Description & History
The Kerry Blue Terrier is the national dog of the Republic of Ireland.
The exact origin of the breed is hard to define but it is thought by some writers to lie in south-west Ireland, where for generations they worked on the farms and possibly shared their ancestry with other Irish breeds. All these breeds were working and sporting dogs. They shared many similarities before any of the distinct breeds emerged in the nineteenth and twentieth centuries.
There is also a theory that the Kerry Blue, like the Irish Water Spaniel and the Poodle, share their ancestries with the Portuguese Water Dog. This theory is perhaps not quite so bizarre as it might first appear. All breeds share a love of water, are hunting dogs and have certain similarities in their coats.
In 1588 both Spanish and Portuguese ships which formed the Armada sailed from Cadiz for English waters in order to convoy the Spanish Infantry across the Channel to land on English soil. History records the failure of the operation. Spanish galleons sank in the Channel, others were blown off course, by severe gales, and were wrecked off the Irish coast. Survivors from the wreckage would have swum ashore, no difficult task for the Water Dogs from Portugal, especially as they were used to carry messages between ships at sea. It seems not improbable that the the ancestors of todays Kerry Blues could go back to the time of the Spanish Armada.

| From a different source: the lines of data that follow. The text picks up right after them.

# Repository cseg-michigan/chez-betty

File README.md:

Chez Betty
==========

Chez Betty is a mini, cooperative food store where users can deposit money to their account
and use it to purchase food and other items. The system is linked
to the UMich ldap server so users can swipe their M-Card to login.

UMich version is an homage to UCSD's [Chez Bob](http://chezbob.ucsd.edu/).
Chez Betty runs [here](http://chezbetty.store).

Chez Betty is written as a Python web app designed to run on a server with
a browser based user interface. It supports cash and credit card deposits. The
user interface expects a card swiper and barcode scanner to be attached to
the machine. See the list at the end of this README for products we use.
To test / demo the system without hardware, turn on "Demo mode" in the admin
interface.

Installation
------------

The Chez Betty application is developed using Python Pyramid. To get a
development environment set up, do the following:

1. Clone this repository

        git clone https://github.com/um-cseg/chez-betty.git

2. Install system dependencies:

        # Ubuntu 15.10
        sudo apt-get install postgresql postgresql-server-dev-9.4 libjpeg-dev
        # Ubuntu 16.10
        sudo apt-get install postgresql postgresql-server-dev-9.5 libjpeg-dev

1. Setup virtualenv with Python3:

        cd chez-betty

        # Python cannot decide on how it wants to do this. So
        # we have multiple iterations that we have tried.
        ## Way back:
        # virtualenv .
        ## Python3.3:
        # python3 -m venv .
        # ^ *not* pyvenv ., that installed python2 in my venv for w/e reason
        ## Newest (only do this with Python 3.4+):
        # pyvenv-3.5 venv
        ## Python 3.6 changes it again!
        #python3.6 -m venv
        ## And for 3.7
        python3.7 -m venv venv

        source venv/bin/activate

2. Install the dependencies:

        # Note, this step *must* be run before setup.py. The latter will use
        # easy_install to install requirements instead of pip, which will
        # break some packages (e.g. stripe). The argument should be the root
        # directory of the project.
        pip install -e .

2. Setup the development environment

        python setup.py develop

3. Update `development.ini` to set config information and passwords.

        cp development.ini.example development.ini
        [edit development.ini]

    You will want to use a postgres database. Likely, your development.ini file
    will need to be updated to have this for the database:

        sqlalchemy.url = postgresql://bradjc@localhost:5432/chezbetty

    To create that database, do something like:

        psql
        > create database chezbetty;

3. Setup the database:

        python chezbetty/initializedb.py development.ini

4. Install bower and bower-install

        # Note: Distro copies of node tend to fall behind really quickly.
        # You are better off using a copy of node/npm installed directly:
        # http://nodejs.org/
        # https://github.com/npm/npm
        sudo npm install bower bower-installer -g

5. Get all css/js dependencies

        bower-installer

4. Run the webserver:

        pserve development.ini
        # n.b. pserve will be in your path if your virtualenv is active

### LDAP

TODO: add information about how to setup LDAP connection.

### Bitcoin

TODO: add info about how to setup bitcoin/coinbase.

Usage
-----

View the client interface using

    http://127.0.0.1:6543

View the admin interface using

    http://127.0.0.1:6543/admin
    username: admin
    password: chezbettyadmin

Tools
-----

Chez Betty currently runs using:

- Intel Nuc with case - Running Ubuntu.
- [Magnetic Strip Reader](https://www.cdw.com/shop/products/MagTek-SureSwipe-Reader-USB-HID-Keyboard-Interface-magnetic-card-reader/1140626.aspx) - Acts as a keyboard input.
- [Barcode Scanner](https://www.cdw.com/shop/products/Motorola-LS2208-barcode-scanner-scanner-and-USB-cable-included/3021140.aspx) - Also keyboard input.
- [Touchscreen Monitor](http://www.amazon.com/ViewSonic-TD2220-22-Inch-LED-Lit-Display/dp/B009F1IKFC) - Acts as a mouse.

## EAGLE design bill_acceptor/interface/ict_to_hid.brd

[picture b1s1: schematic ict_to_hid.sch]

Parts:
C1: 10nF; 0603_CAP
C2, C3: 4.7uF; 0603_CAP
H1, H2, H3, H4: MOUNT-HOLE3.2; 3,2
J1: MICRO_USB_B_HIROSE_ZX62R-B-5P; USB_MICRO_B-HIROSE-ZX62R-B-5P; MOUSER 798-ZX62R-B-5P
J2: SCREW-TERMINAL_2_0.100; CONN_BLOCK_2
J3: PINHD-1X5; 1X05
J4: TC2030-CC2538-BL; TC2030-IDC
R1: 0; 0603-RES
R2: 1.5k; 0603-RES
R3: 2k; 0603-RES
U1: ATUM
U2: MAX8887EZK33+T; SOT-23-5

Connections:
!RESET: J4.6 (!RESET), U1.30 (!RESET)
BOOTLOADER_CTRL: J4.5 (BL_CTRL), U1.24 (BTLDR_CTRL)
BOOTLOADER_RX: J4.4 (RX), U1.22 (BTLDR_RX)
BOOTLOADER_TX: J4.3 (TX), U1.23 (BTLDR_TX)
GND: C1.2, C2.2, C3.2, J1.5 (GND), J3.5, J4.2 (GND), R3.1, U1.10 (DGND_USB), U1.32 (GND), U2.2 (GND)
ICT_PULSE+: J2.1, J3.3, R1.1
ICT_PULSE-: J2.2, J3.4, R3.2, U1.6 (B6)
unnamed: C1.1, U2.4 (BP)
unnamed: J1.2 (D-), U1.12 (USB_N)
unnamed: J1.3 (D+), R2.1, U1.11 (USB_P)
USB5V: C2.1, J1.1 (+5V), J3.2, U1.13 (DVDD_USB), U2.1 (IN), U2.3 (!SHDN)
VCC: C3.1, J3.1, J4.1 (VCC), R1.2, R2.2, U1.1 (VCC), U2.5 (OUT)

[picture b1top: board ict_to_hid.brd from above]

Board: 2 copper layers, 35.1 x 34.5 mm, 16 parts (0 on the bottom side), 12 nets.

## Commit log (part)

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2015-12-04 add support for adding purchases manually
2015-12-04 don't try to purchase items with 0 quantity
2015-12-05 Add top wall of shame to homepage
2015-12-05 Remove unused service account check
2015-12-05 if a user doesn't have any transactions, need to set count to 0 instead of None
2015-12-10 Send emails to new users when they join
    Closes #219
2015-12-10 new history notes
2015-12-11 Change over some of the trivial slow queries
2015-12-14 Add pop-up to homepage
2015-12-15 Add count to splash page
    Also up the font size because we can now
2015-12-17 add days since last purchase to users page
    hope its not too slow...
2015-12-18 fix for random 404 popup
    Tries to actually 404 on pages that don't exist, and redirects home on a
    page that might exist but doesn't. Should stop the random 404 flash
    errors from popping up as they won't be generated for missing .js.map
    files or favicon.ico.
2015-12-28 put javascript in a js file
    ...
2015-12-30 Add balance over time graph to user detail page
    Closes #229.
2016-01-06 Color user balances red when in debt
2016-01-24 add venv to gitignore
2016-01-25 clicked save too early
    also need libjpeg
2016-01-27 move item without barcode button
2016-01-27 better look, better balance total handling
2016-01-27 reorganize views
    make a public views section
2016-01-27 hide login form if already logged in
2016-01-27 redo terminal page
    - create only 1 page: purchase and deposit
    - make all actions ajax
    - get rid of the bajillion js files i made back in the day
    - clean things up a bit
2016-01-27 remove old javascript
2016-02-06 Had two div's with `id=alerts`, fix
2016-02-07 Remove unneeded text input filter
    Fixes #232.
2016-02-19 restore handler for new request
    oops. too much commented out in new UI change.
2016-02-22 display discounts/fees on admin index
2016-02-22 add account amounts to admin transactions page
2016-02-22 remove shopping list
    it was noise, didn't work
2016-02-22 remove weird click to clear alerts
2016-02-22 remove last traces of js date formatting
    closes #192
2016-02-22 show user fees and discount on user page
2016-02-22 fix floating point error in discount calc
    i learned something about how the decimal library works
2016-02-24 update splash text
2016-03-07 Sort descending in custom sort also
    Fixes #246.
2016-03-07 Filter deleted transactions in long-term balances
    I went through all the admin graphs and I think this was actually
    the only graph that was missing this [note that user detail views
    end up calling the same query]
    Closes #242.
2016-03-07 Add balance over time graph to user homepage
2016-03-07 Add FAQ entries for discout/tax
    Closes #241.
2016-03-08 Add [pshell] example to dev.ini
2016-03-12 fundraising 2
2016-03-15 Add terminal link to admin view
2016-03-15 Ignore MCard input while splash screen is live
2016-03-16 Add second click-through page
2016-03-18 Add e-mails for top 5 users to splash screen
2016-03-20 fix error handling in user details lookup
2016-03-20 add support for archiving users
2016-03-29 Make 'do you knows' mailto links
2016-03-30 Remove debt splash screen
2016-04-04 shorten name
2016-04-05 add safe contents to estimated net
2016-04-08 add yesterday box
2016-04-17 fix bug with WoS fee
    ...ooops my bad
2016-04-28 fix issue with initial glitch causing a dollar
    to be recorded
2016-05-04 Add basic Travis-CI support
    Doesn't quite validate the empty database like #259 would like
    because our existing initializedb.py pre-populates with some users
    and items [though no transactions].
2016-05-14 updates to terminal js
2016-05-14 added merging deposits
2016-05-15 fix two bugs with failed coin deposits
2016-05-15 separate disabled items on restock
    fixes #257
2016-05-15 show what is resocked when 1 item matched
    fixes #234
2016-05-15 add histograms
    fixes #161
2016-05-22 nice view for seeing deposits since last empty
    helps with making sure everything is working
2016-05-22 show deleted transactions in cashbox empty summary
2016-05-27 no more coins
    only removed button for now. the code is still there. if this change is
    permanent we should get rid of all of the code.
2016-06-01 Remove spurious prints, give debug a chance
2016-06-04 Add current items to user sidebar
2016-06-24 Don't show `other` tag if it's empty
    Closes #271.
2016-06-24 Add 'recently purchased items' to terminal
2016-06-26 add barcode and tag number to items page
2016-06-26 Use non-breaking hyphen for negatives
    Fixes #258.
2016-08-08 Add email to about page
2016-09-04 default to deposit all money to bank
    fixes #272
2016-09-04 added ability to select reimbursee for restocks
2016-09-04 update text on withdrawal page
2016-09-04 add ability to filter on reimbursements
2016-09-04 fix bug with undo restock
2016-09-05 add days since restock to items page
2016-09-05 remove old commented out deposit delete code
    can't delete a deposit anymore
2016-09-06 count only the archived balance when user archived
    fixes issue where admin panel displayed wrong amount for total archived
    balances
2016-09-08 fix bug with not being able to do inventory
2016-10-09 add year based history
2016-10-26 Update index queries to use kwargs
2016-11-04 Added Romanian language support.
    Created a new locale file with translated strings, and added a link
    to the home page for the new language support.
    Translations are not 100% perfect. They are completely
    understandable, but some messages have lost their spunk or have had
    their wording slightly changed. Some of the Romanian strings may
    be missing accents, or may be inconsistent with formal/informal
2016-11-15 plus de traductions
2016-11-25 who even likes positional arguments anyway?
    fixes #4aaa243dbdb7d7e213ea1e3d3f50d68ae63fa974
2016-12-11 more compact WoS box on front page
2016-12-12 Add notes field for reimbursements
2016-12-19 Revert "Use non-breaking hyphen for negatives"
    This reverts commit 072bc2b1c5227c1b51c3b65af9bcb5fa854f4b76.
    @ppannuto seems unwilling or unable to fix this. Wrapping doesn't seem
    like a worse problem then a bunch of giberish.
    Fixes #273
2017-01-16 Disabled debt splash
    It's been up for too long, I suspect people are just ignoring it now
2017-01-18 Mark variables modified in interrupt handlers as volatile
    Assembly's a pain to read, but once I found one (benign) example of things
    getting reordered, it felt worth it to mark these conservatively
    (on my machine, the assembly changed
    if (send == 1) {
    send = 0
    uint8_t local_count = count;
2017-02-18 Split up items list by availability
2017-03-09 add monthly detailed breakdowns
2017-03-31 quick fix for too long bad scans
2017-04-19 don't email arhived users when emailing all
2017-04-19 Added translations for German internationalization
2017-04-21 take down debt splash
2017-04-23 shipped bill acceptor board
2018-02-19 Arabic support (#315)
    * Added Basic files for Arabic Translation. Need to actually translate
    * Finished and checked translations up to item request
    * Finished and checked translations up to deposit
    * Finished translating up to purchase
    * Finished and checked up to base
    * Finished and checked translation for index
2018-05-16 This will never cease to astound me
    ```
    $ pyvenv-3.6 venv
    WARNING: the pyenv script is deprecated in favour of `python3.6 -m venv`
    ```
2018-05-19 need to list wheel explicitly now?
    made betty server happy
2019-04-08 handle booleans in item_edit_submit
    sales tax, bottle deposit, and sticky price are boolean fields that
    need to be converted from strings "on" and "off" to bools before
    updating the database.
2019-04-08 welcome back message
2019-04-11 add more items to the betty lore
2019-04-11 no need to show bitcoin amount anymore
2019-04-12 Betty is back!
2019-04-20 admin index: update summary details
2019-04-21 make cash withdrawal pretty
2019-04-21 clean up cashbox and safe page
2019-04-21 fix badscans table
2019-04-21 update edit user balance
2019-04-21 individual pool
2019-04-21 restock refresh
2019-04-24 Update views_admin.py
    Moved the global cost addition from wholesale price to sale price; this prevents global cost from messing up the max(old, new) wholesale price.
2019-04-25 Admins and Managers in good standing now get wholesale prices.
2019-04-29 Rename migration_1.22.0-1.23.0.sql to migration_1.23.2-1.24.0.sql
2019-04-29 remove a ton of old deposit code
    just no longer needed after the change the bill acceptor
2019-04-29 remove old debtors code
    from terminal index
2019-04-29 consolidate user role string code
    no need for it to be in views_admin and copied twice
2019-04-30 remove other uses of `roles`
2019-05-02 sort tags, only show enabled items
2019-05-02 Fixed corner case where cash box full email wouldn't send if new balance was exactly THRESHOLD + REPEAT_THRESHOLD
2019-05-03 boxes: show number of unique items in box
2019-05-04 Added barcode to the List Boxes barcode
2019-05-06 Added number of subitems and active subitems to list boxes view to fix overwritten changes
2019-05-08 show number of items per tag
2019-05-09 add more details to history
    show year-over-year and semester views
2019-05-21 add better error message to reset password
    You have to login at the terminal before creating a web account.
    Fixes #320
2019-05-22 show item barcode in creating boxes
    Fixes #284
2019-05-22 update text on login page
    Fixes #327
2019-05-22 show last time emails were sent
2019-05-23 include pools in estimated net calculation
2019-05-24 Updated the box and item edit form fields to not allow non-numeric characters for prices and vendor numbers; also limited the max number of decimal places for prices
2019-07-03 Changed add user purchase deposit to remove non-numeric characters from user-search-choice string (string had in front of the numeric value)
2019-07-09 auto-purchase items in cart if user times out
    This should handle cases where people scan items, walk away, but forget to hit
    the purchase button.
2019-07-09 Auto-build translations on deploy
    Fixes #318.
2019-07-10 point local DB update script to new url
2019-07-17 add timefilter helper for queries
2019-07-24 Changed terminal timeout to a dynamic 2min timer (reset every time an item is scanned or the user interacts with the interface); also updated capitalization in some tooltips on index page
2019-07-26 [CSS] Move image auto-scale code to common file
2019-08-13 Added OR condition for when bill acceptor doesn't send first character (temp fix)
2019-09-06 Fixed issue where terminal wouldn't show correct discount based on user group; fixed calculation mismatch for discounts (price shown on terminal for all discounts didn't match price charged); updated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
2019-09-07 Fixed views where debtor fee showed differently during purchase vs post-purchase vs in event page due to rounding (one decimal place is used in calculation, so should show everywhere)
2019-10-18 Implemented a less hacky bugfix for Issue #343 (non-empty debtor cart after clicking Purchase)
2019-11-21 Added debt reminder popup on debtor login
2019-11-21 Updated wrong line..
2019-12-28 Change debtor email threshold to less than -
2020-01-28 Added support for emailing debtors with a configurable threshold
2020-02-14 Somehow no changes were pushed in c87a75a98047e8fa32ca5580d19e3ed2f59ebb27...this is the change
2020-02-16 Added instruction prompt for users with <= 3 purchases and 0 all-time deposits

The breed's original colouring was possibly inherited from other indigenous breeds in Ireland. Later in the breed's history, strains of the Bedlington Terrier probably had an influence on the colouring and coat of the breed.
Kerry Blues lived and worked on the farms. Farmers relied on them for their ratting, herding, hunting and guarding abilities. The breed's love of water also and made it adept at otter-hunting before the sport was banned in the British Isles and Ireland.
The breed was known by various names such as the Irish Blue Terrier or the Blue Terrier until 1922 when the name "Kerry Blue" was established. It was recognised by the British Kennel Club in 1920.
An active breed which enjoys most outdoor activities and should therefore be exercised regularly.